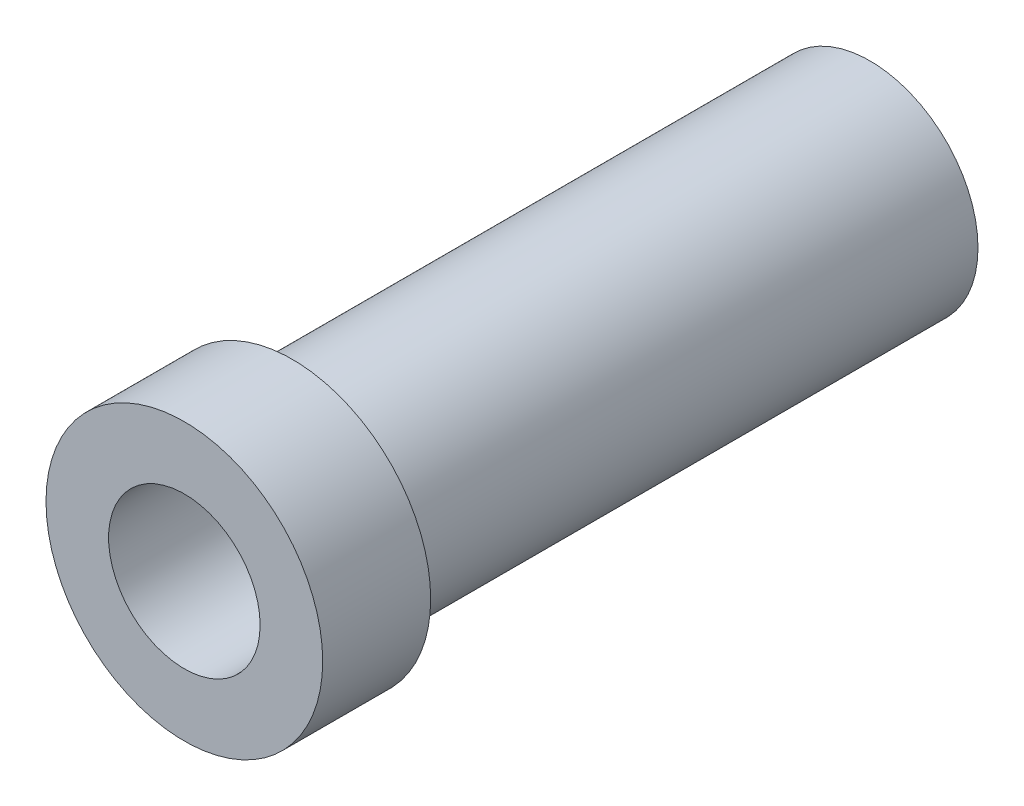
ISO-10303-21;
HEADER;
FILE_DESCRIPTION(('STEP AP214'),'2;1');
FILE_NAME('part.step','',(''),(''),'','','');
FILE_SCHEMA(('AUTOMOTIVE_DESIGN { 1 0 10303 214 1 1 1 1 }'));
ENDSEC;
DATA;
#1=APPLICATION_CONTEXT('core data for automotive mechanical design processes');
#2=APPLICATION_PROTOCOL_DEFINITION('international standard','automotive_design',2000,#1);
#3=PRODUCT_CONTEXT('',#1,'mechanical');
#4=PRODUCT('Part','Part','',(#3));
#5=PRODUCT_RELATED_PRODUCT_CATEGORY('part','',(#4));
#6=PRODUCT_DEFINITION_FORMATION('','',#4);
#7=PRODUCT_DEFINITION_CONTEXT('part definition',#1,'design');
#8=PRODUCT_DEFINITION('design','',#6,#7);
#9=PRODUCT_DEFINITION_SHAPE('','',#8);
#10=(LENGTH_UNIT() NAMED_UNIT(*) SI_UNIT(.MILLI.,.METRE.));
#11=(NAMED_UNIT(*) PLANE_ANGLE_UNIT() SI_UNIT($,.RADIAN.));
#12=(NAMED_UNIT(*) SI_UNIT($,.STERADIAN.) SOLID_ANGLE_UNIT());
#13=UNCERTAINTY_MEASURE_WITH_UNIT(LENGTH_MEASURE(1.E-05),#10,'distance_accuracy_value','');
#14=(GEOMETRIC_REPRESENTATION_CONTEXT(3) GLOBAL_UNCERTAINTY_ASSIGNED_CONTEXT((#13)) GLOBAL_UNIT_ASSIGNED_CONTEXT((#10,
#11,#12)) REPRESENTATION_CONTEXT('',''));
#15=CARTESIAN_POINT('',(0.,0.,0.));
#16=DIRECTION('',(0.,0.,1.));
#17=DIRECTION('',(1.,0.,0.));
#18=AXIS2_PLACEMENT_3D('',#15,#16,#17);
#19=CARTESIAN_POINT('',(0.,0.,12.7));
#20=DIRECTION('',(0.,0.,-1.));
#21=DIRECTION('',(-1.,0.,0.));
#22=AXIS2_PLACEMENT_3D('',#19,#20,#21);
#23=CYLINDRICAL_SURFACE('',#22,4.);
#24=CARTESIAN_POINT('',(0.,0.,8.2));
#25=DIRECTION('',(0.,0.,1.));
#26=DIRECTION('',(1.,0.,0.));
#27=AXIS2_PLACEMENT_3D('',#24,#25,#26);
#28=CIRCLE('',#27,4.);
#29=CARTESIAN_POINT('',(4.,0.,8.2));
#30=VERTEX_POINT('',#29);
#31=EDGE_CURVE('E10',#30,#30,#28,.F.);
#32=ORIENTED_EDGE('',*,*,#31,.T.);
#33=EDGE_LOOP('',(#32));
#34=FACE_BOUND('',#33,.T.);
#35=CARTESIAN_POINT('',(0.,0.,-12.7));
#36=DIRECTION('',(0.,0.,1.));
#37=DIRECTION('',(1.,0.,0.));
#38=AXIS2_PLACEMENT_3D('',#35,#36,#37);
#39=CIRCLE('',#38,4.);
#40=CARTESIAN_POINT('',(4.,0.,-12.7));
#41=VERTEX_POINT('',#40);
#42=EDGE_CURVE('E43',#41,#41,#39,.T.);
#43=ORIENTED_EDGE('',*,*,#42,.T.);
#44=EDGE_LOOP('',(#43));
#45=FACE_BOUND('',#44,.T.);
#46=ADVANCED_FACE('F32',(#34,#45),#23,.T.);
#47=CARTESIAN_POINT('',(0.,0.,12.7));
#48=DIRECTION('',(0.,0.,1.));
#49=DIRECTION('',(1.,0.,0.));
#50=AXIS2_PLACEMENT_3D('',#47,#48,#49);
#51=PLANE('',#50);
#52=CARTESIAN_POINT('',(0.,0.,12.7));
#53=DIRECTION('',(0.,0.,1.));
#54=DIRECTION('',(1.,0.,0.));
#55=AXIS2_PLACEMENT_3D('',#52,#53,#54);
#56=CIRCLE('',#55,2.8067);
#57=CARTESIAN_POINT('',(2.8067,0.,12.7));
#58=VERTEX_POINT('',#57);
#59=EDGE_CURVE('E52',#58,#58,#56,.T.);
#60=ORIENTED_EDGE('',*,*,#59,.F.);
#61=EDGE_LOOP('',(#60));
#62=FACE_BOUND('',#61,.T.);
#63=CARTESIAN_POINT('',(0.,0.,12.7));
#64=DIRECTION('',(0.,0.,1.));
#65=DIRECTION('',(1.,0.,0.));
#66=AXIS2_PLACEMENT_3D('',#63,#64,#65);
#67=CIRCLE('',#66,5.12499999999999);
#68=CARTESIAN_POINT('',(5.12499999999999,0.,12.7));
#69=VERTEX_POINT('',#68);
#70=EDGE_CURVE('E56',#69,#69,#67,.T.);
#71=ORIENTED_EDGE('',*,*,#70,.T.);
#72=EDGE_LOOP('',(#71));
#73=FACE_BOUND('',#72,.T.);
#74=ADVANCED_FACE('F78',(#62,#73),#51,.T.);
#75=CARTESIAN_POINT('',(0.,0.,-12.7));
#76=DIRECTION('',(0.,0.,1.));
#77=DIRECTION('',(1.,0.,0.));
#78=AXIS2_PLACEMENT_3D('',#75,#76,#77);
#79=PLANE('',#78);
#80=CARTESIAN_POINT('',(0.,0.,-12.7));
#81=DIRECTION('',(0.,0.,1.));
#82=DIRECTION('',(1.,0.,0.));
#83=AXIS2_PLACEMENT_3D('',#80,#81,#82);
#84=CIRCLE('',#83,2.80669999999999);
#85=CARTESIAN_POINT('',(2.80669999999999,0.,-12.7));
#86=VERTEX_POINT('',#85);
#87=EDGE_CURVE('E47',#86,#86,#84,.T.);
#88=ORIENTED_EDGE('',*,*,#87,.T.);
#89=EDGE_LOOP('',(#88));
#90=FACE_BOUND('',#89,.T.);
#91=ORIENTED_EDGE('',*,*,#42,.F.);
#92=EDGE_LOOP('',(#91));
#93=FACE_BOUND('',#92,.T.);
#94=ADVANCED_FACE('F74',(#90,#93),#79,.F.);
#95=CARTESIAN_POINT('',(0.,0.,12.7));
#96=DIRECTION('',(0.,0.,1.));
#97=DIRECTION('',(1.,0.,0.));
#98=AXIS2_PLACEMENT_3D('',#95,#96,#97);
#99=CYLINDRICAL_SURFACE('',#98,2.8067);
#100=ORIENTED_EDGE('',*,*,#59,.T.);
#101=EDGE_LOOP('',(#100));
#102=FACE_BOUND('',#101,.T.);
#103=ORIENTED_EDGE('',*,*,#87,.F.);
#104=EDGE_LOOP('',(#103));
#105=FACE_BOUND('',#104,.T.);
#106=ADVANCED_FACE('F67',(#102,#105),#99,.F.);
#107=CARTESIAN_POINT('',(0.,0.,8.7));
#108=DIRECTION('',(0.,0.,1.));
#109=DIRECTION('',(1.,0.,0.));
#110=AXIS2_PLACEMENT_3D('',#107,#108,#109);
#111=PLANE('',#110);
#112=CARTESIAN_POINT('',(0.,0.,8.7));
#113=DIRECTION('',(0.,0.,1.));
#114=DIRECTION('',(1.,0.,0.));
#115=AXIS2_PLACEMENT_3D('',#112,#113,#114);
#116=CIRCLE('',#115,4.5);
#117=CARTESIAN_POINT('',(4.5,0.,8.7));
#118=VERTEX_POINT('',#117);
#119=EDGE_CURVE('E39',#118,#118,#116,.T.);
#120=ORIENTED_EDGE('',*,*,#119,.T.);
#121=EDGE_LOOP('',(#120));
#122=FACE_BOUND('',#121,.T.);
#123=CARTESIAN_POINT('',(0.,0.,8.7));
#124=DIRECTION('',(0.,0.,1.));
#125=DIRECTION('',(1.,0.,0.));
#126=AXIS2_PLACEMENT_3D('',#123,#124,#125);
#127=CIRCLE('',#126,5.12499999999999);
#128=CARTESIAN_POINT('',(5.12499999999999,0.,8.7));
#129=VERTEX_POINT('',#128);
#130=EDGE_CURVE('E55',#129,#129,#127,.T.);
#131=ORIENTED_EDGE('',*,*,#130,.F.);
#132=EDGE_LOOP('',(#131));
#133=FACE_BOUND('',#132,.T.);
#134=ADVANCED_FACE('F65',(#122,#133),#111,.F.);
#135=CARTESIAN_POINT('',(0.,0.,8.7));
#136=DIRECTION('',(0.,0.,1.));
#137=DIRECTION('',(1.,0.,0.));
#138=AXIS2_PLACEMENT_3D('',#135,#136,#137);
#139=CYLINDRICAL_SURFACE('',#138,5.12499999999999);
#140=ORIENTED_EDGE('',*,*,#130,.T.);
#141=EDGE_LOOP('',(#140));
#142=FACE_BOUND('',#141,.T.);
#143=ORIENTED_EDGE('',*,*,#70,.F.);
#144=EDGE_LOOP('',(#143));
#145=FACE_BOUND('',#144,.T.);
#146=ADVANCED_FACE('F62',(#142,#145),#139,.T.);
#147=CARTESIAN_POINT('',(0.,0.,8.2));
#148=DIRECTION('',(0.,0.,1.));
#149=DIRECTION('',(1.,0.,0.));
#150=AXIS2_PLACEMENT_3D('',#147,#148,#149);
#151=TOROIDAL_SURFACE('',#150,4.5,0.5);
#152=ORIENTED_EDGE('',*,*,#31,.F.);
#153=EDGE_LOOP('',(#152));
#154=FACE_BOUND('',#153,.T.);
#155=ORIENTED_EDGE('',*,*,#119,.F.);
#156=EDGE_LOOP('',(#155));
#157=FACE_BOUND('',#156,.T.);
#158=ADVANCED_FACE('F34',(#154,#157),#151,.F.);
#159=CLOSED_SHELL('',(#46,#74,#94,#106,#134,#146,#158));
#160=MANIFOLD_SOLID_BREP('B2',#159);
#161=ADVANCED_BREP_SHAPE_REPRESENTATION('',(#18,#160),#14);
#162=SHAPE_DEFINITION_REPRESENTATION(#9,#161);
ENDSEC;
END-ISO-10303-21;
◆ ◆ ◆ ◆ ◆ ◆ ◆
## REQUIREMENT
Please copy, exactly as written, every line in the listing above from the line with "#115=AXIS2_PLACEMENT_3D('',#112,#113,#114);" up to and including the line with "#138=AXIS2_PLACEMENT_3D('',#135,#136,#137);".

## REPLY
#115=AXIS2_PLACEMENT_3D('',#112,#113,#114);
#116=CIRCLE('',#115,4.5);
#117=CARTESIAN_POINT('',(4.5,0.,8.7));
#118=VERTEX_POINT('',#117);
#119=EDGE_CURVE('E39',#118,#118,#116,.T.);
#120=ORIENTED_EDGE('',*,*,#119,.T.);
#121=EDGE_LOOP('',(#120));
#122=FACE_BOUND('',#121,.T.);
#123=CARTESIAN_POINT('',(0.,0.,8.7));
#124=DIRECTION('',(0.,0.,1.));
#125=DIRECTION('',(1.,0.,0.));
#126=AXIS2_PLACEMENT_3D('',#123,#124,#125);
#127=CIRCLE('',#126,5.12499999999999);
#128=CARTESIAN_POINT('',(5.12499999999999,0.,8.7));
#129=VERTEX_POINT('',#128);
#130=EDGE_CURVE('E55',#129,#129,#127,.T.);
#131=ORIENTED_EDGE('',*,*,#130,.F.);
#132=EDGE_LOOP('',(#131));
#133=FACE_BOUND('',#132,.T.);
#134=ADVANCED_FACE('F65',(#122,#133),#111,.F.);
#135=CARTESIAN_POINT('',(0.,0.,8.7));
#136=DIRECTION('',(0.,0.,1.));
#137=DIRECTION('',(1.,0.,0.));
#138=AXIS2_PLACEMENT_3D('',#135,#136,#137);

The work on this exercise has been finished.